# Economic Issues Beyond Trumps Control



## stowlin (Apr 25, 2016)

Foreign governments are dumping Treasurys like never before - Business Insider

First let's note the source is a rabid progressive media outlet so I don't trust it, but I've heard the story elsewhere.

Second the world's progressive community isn't about to sit back and let trump win are they? Oh hell no. One sure fire way to destroy trump is kill the US economy. Blame it on his policies and watch mooschelle win in a 2020 land slide.


----------



## Camel923 (Aug 13, 2014)

I get out of that article that the primary reason is economic and political changes in many countries including the US. New Treasuries are paying some intrest. More than double what France pays. This is not an organized response to Trump IMHO.


----------



## sideKahr (Oct 15, 2014)

There's much more to the story than that article admits, and it has nothing to do with Trump.

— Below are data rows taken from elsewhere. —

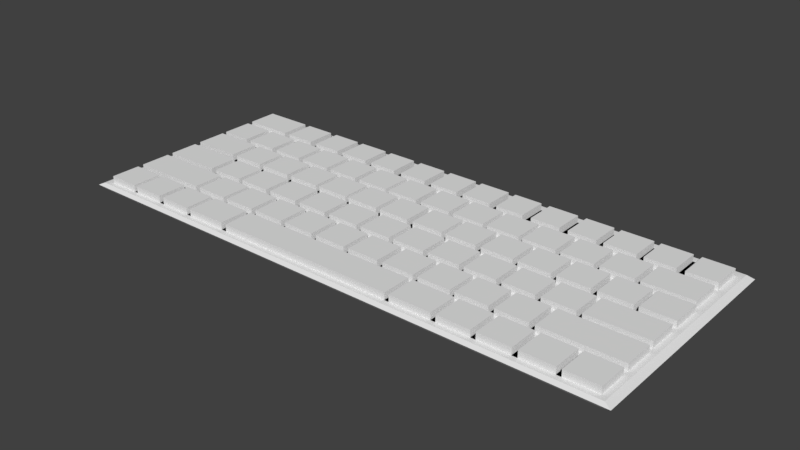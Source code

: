 # Source: keyboard.blend  (saved by Blender 2.79.0; exported with 4.5.12 LTS)
import bpy
from mathutils import Matrix  # noqa: F401  (used for matrix-valued properties, if any)

bpy.ops.wm.read_factory_settings(use_empty=True)
scene = bpy.context.scene
scene.name = 'Scene'

# ---- collections
col_collection_1 = bpy.data.collections.new('Collection 1'); scene.collection.children.link(col_collection_1)

# ---- world
world_world = bpy.data.worlds.new('World'); scene.world = world_world
world_world.color = (0.05088, 0.05088, 0.05088)
world_world.use_sun_shadow = False
world_world.sun_shadow_jitter_overblur = 0.0
world_world.cycles.sampling_method = 'MANUAL'

# ---- meshes
me_plane = bpy.data.meshes.new('Plane')
me_plane.from_pydata([(-1.0, -1.0, 0.0), (1.0, -1.0, 0.0), (-1.0, 1.0, 0.0), (1.0, 1.0, 0.0), (0.9748, 0.9341, 0.0), (0.8675, 0.9341, 0.0), (0.8395, 0.9341, 0.0), (0.731, 0.9341, 0.0), (0.5912, 0.9341, 0.0), (0.5655, 0.9341, 0.0), (0.4629, 0.9341, 0.0), (0.4316, 0.9341, 0.0), (0.3231, 0.9341, 0.0), (0.2907, 0.9341, 0.0), (0.1867, 0.9341, 0.0), (0.1589, 0.9341, 0.0), (0.04758, 0.9341, 0.0), (0.02169, 0.9341, 0.0), (-0.0877, 0.9341, 0.0), (-0.1168, 0.9341, 0.0), (-0.2217, 0.9341, 0.0), (-0.254, 0.9341, 0.0), (-0.3602, 0.9341, 0.0), (-0.388, 0.9341, 0.0), (-0.4994, 0.9341, 0.0), (-0.5246, 0.9341, 0.0), (-0.632, 0.9341, 0.0), (-0.6605, 0.9341, 0.0), (-0.7719, 0.9341, 0.0), (-0.7958, 0.9341, 0.0), (-0.9751, 0.9341, 0.0), (0.9748, 0.6625, 0.0), (0.8675, 0.6625, 0.0), (0.8395, 0.6625, 0.0), (0.731, 0.6625, 0.0), (0.5912, 0.6625, 0.0), (0.5655, 0.6625, 0.0), (0.4629, 0.6625, 0.0), (0.4316, 0.6625, 0.0), (0.3231, 0.6625, 0.0), (0.2907, 0.6625, 0.0), (0.1867, 0.6625, 0.0), (0.1589, 0.6625, 0.0), (0.04758, 0.6625, 0.0), (0.02169, 0.6625, 0.0), (-0.0877, 0.6625, 0.0), (-0.1168, 0.6625, 0.0), (-0.2217, 0.6625, 0.0), (-0.254, 0.6625, 0.0), (-0.3602, 0.6625, 0.0), (-0.388, 0.6625, 0.0), (-0.4994, 0.6625, 0.0), (-0.5246, 0.6625, 0.0), (-0.632, 0.6625, 0.0), (-0.6605, 0.6625, 0.0), (-0.7719, 0.6625, 0.0), (-0.7958, 0.6625, 0.0), (-0.9751, 0.6625, 0.0), (-0.9751, 0.6079, 0.0), (-0.9751, 0.3323, 0.0), (-0.9751, 0.01656, 0.0), (-0.9751, -0.04483, 0.0), (-0.9751, -0.3063, 0.0), (-0.9751, -0.3609, 0.0), (-0.9751, -0.6337, 0.0), (-0.9751, -0.6883, 0.0), (-0.9751, -0.9521, 0.0), (-0.8632, 0.6079, 0.0), (-0.8632, 0.3323, 0.0), (-0.7961, 0.01656, 0.0), (-0.7617, -0.04483, 0.0), (-0.7617, -0.3063, 0.0), (-0.6908, -0.3609, 0.0), (-0.6908, -0.6337, 0.0), (-0.8594, -0.6883, 0.0), (-0.8594, -0.9521, 0.0), (-0.9751, 0.2869, 0.0), (-0.7961, 0.2869, 0.0), (-0.8409, 0.6079, 0.0), (-0.8409, 0.3323, 0.0), (-0.7257, 0.6079, 0.0), (-0.7257, 0.3323, 0.0), (-0.7033, 0.6079, 0.0), (-0.7033, 0.3323, 0.0), (-0.5892, 0.6079, 0.0), (-0.5892, 0.3323, 0.0), (-0.5691, 0.6079, 0.0), (-0.5691, 0.3323, 0.0), (-0.4516, 0.6079, 0.0), (-0.4516, 0.3323, 0.0), (-0.4326, 0.6079, 0.0), (-0.4326, 0.3323, 0.0), (-0.3174, 0.6079, 0.0), (-0.3174, 0.3323, 0.0), (-0.2973, 0.6079, 0.0), (-0.2973, 0.3323, 0.0), (-0.1776, 0.6079, 0.0), (-0.1776, 0.3323, 0.0), (-0.162, 0.6079, 0.0), (-0.162, 0.3323, 0.0), (-0.04564, 0.6079, 0.0), (-0.04564, 0.3323, 0.0), (-0.02327, 0.6079, 0.0), (-0.02327, 0.3323, 0.0), (0.09305, 0.6079, 0.0), (0.09305, 0.3323, 0.0), (0.1109, 0.6079, 0.0), (0.1109, 0.3323, 0.0), (0.2295, 0.6079, 0.0), (0.2295, 0.3323, 0.0), (0.2452, 0.6079, 0.0), (0.2452, 0.3323, 0.0), (0.3671, 0.6079, 0.0), (0.3671, 0.3323, 0.0), (0.3816, 0.6079, 0.0), (0.3816, 0.3323, 0.0), (0.5024, 0.6079, 0.0), (0.5024, 0.3323, 0.0), (0.5214, 0.6079, 0.0), (0.5214, 0.3323, 0.0), (0.6389, 0.6079, 0.0), (0.6389, 0.3323, 0.0), (0.6579, 0.6079, 0.0), (0.6579, 0.3323, 0.0), (0.7764, 0.6079, 0.0), (0.7764, 0.3323, 0.0), (0.7943, 0.6079, 0.0), (0.7943, 0.3323, 0.0), (0.9722, 0.6079, 0.0), (0.9722, 0.3323, 0.0), (-0.7747, 0.01656, 0.0), (-0.7747, 0.2869, 0.0), (-0.6573, 0.01656, 0.0), (-0.6573, 0.2869, 0.0), (-0.6386, 0.01656, 0.0), (-0.6386, 0.2869, 0.0), (-0.5193, 0.01656, 0.0), (-0.5193, 0.2869, 0.0), (-0.4997, 0.01656, 0.0), (-0.4997, 0.2869, 0.0), (-0.3814, 0.01656, 0.0), (-0.3814, 0.2869, 0.0), (-0.3646, 0.01656, 0.0), (-0.3646, 0.2869, 0.0), (-0.2444, 0.01656, 0.0), (-0.2444, 0.2869, 0.0), (-0.2294, 0.01656, 0.0), (-0.2294, 0.2869, 0.0), (-0.1092, 0.01656, 0.0), (-0.1092, 0.2869, 0.0), (-0.0915, 0.01656, 0.0), (-0.0915, 0.2869, 0.0), (0.02407, 0.01656, 0.0), (0.02407, 0.2869, 0.0), (0.04644, 0.01656, 0.0), (0.04644, 0.2869, 0.0), (0.1639, 0.01656, 0.0), (0.1639, 0.2869, 0.0), (0.1797, 0.01656, 0.0), (0.1797, 0.2869, 0.0), (0.2962, 0.01656, 0.0), (0.2962, 0.2869, 0.0), (0.3167, 0.01656, 0.0), (0.3167, 0.2869, 0.0), (0.435, 0.01656, 0.0), (0.435, 0.2869, 0.0), (0.4528, 0.01656, 0.0), (0.4528, 0.2869, 0.0), (0.5714, 0.01656, 0.0), (0.5714, 0.2869, 0.0), (0.5897, 0.01656, 0.0), (0.5897, 0.2869, 0.0), (0.7068, 0.01656, 0.0), (0.7068, 0.2869, 0.0), (0.7275, 0.01656, 0.0), (0.7275, 0.2869, 0.0), (0.846, 0.01656, 0.0), (0.846, 0.2869, 0.0), (0.8609, 0.01656, 0.0), (0.8609, 0.2869, 0.0), (0.9793, 0.01656, 0.0), (0.9793, 0.2869, 0.0), (-0.7396, -0.04483, 0.0), (-0.7396, -0.3063, 0.0), (-0.6225, -0.04483, 0.0), (-0.6225, -0.3063, 0.0), (-0.605, -0.04483, 0.0), (-0.605, -0.3063, 0.0), (-0.4879, -0.04483, 0.0), (-0.4879, -0.3063, 0.0), (-0.4678, -0.04483, 0.0), (-0.4678, -0.3063, 0.0), (-0.35, -0.04483, 0.0), (-0.35, -0.3063, 0.0), (-0.3299, -0.04483, 0.0), (-0.3299, -0.3063, 0.0), (-0.216, -0.04483, 0.0), (-0.216, -0.3063, 0.0), (-0.1946, -0.04483, 0.0), (-0.1946, -0.3063, 0.0), (-0.07685, -0.04483, 0.0), (-0.07685, -0.3063, 0.0), (-0.05872, -0.04483, 0.0), (-0.05872, -0.3063, 0.0), (0.05973, -0.04483, 0.0), (0.05973, -0.3063, 0.0), (0.07655, -0.04483, 0.0), (0.07655, -0.3063, 0.0), (0.1957, -0.04483, 0.0), (0.1957, -0.3063, 0.0), (0.2144, -0.04483, 0.0), (0.2144, -0.3063, 0.0), (0.3322, -0.04483, 0.0), (0.3322, -0.3063, 0.0), (0.3503, -0.04483, 0.0), (0.3503, -0.3063, 0.0), (0.4681, -0.04483, 0.0), (0.4681, -0.3063, 0.0), (0.4876, -0.04483, 0.0), (0.4876, -0.3063, 0.0), (0.6034, -0.04483, 0.0), (0.6034, -0.3063, 0.0), (0.6228, -0.04483, 0.0), (0.6228, -0.3063, 0.0), (0.7406, -0.04483, 0.0), (0.7406, -0.3063, 0.0), (0.7588, -0.04483, 0.0), (0.7588, -0.3063, 0.0), (0.9782, -0.04483, 0.0), (0.9782, -0.3063, 0.0), (-0.6727, -0.3609, 0.0), (-0.6727, -0.6337, 0.0), (-0.5529, -0.3609, 0.0), (-0.5529, -0.6337, 0.0), (-0.5355, -0.3609, 0.0), (-0.5355, -0.6337, 0.0), (-0.4183, -0.3609, 0.0), (-0.4183, -0.6337, 0.0), (-0.3983, -0.3609, 0.0), (-0.3983, -0.6337, 0.0), (-0.2817, -0.3609, 0.0), (-0.2817, -0.6337, 0.0), (-0.2623, -0.3609, 0.0), (-0.2623, -0.6337, 0.0), (-0.1458, -0.3609, 0.0), (-0.1458, -0.6337, 0.0), (-0.1264, -0.3609, 0.0), (-0.1264, -0.6337, 0.0), (-0.009247, -0.3609, 0.0), (-0.009247, -0.6337, 0.0), (0.009523, -0.3609, 0.0), (0.009523, -0.6337, 0.0), (0.1267, -0.3609, 0.0), (0.1267, -0.6337, 0.0), (0.1474, -0.3609, 0.0), (0.1474, -0.6337, 0.0), (0.2645, -0.3609, 0.0), (0.2645, -0.6337, 0.0), (0.2827, -0.3609, 0.0), (0.2827, -0.6337, 0.0), (0.4011, -0.3609, 0.0), (0.4011, -0.6337, 0.0), (0.4179, -0.3609, 0.0), (0.4179, -0.6337, 0.0), (0.537, -0.3609, 0.0), (0.537, -0.6337, 0.0), (0.5565, -0.3609, 0.0), (0.5565, -0.6337, 0.0), (0.673, -0.3609, 0.0), (0.673, -0.6337, 0.0), (0.6924, -0.3609, 0.0), (0.6924, -0.6337, 0.0), (0.9798, -0.3609, 0.0), (0.9798, -0.6337, 0.0), (-0.8445, -0.6883, 0.0), (-0.8445, -0.9521, 0.0), (-0.7267, -0.6883, 0.0), (-0.7267, -0.9521, 0.0), (-0.706, -0.6883, 0.0), (-0.706, -0.9521, 0.0), (-0.5875, -0.6883, 0.0), (-0.5875, -0.9521, 0.0), (-0.57, -0.6883, 0.0), (-0.57, -0.9521, 0.0), (-0.4192, -0.6883, 0.0), (-0.4192, -0.9521, 0.0), (-0.3985, -0.6883, 0.0), (-0.3985, -0.9521, 0.0), (0.2666, -0.6883, 0.0), (0.2666, -0.9521, 0.0), (0.2829, -0.6883, 0.0), (0.2829, -0.9521, 0.0), (0.4344, -0.6883, 0.0), (0.4344, -0.9521, 0.0), (0.4523, -0.6883, 0.0), (0.4523, -0.9521, 0.0), (0.5719, -0.6883, 0.0), (0.5719, -0.9521, 0.0), (0.5897, -0.6883, 0.0), (0.5897, -0.9521, 0.0), (0.707, -0.6883, 0.0), (0.707, -0.9521, 0.0), (0.7264, -0.6883, 0.0), (0.7264, -0.9521, 0.0), (0.8445, -0.6883, 0.0), (0.8445, -0.9521, 0.0), (0.8616, -0.6883, 0.0), (0.8616, -0.9521, 0.0), (0.9796, -0.6883, 0.0), (0.9796, -0.9521, 0.0), (0.7264, -0.8202, 0.0), (0.8445, -0.8202, 0.0), (0.7067, 0.9341, 0.0), (0.7067, 0.6625, 0.0), (0.9748, 0.9341, 0.05736), (0.8675, 0.9341, 0.05736), (0.8395, 0.9341, 0.05736), (0.731, 0.9341, 0.05736), (0.5655, 0.9341, 0.05736), (0.4629, 0.9341, 0.05736), (0.4316, 0.9341, 0.05736), (0.3231, 0.9341, 0.05736), (0.2907, 0.9341, 0.05736), (0.1867, 0.9341, 0.05736), (0.1589, 0.9341, 0.05736), (0.04758, 0.9341, 0.05736), (0.02169, 0.9341, 0.05736), (-0.0877, 0.9341, 0.05736), (-0.1168, 0.9341, 0.05736), (-0.2217, 0.9341, 0.05736), (-0.254, 0.9341, 0.05736), (-0.3602, 0.9341, 0.05736), (-0.388, 0.9341, 0.05736), (-0.4994, 0.9341, 0.05736), (-0.5246, 0.9341, 0.05736), (-0.632, 0.9341, 0.05736), (-0.6605, 0.9341, 0.05736), (-0.7719, 0.9341, 0.05736), (-0.7958, 0.9341, 0.05736), (-0.9751, 0.9341, 0.05736), (0.9748, 0.6625, 0.05736), (0.8675, 0.6625, 0.05736), (0.8395, 0.6625, 0.05736), (0.731, 0.6625, 0.05736), (0.7067, 0.9341, 0.05736), (0.7067, 0.6625, 0.05736), (0.5655, 0.6625, 0.05736), (0.4629, 0.6625, 0.05736), (0.4316, 0.6625, 0.05736), (0.3231, 0.6625, 0.05736), (0.2907, 0.6625, 0.05736), (0.1867, 0.6625, 0.05736), (0.1589, 0.6625, 0.05736), (0.04758, 0.6625, 0.05736), (0.02169, 0.6625, 0.05736), (-0.0877, 0.6625, 0.05736), (-0.1168, 0.6625, 0.05736), (-0.2217, 0.6625, 0.05736), (-0.254, 0.6625, 0.05736), (-0.3602, 0.6625, 0.05736), (-0.388, 0.6625, 0.05736), (-0.4994, 0.6625, 0.05736), (-0.5246, 0.6625, 0.05736), (-0.632, 0.6625, 0.05736), (-0.6605, 0.6625, 0.05736), (-0.7719, 0.6625, 0.05736), (-0.7958, 0.6625, 0.05736), (-0.9751, 0.6625, 0.05736), (0.5912, 0.6625, 0.05736), (0.5912, 0.9341, 0.05736), (-0.9751, 0.6079, 0.05736), (-0.9751, 0.3323, 0.05736), (-0.9751, -0.04483, 0.05736), (-0.9751, -0.3063, 0.05736), (-0.9751, -0.3609, 0.05736), (-0.9751, -0.6337, 0.05736), (-0.9751, -0.6883, 0.05736), (-0.9751, -0.9521, 0.05736), (-0.8632, 0.6079, 0.05736), (-0.8632, 0.3323, 0.05736), (-0.7617, -0.04483, 0.05736), (-0.7617, -0.3063, 0.05736), (-0.6908, -0.3609, 0.05736), (-0.6908, -0.6337, 0.05736), (-0.8594, -0.6883, 0.05736), (-0.8594, -0.9521, 0.05736), (-0.7961, 0.01656, 0.05736), (-0.9751, 0.01656, 0.05736), (-0.9751, 0.2869, 0.05736), (-0.7961, 0.2869, 0.05736), (-0.8409, 0.6079, 0.05736), (-0.8409, 0.3323, 0.05736), (-0.7257, 0.6079, 0.05736), (-0.7257, 0.3323, 0.05736), (-0.7033, 0.6079, 0.05736), (-0.7033, 0.3323, 0.05736), (-0.5892, 0.6079, 0.05736), (-0.5892, 0.3323, 0.05736), (-0.5691, 0.6079, 0.05736), (-0.5691, 0.3323, 0.05736), (-0.4516, 0.6079, 0.05736), (-0.4516, 0.3323, 0.05736), (-0.4326, 0.6079, 0.05736), (-0.4326, 0.3323, 0.05736), (-0.3174, 0.6079, 0.05736), (-0.3174, 0.3323, 0.05736), (-0.2973, 0.6079, 0.05736), (-0.2973, 0.3323, 0.05736), (-0.1776, 0.6079, 0.05736), (-0.1776, 0.3323, 0.05736), (-0.162, 0.6079, 0.05736), (-0.162, 0.3323, 0.05736), (-0.04564, 0.6079, 0.05736), (-0.04564, 0.3323, 0.05736), (-0.02327, 0.6079, 0.05736), (-0.02327, 0.3323, 0.05736), (0.09305, 0.6079, 0.05736), (0.09305, 0.3323, 0.05736), (0.1109, 0.6079, 0.05736), (0.1109, 0.3323, 0.05736), (0.2295, 0.6079, 0.05736), (0.2295, 0.3323, 0.05736), (0.2452, 0.6079, 0.05736), (0.2452, 0.3323, 0.05736), (0.3671, 0.6079, 0.05736), (0.3671, 0.3323, 0.05736), (0.3816, 0.6079, 0.05736), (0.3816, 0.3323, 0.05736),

Russia, now the world's biggest oil producer, is selling oil (and gas) to China, now the world's biggest oil consumer.

*And they are using the Yuan for the exchange, not the dollar. * Read that part again. Until now, the US Dollar has been used in all oil sales, worldwide. With oil trading now in Yuan, both countries need to hold less Dollar reserves (which are held in the form of US Treasuries), so they're selling them. Interestingly, Iran, another big oil producer, is accepting Yuan now too, and because of US sanctions the trade is being handled by Russian banks. Cozy.

China, now the world's biggest gold producer too, has established a gold exchange in Shanghai and appears to be selling gold to Russia, which Russia would rather hold than Yuan.

This new trade relationship seems to leave the US out in the cold, doesn't it? If the petroDollar loses it's world currency reserve status, it's going to get MIGHTY cold here. It's no coincidence that the new US SecState is an oil man.

The leaders of two other oil producing countries in recent memory tried to trade oil for Euro and gold; Sadam Hussein and Moamar Khaddafi. Where are they now? Oh yeah, they're dead. We don't have that option with China and Russia, those boys have the BOMB.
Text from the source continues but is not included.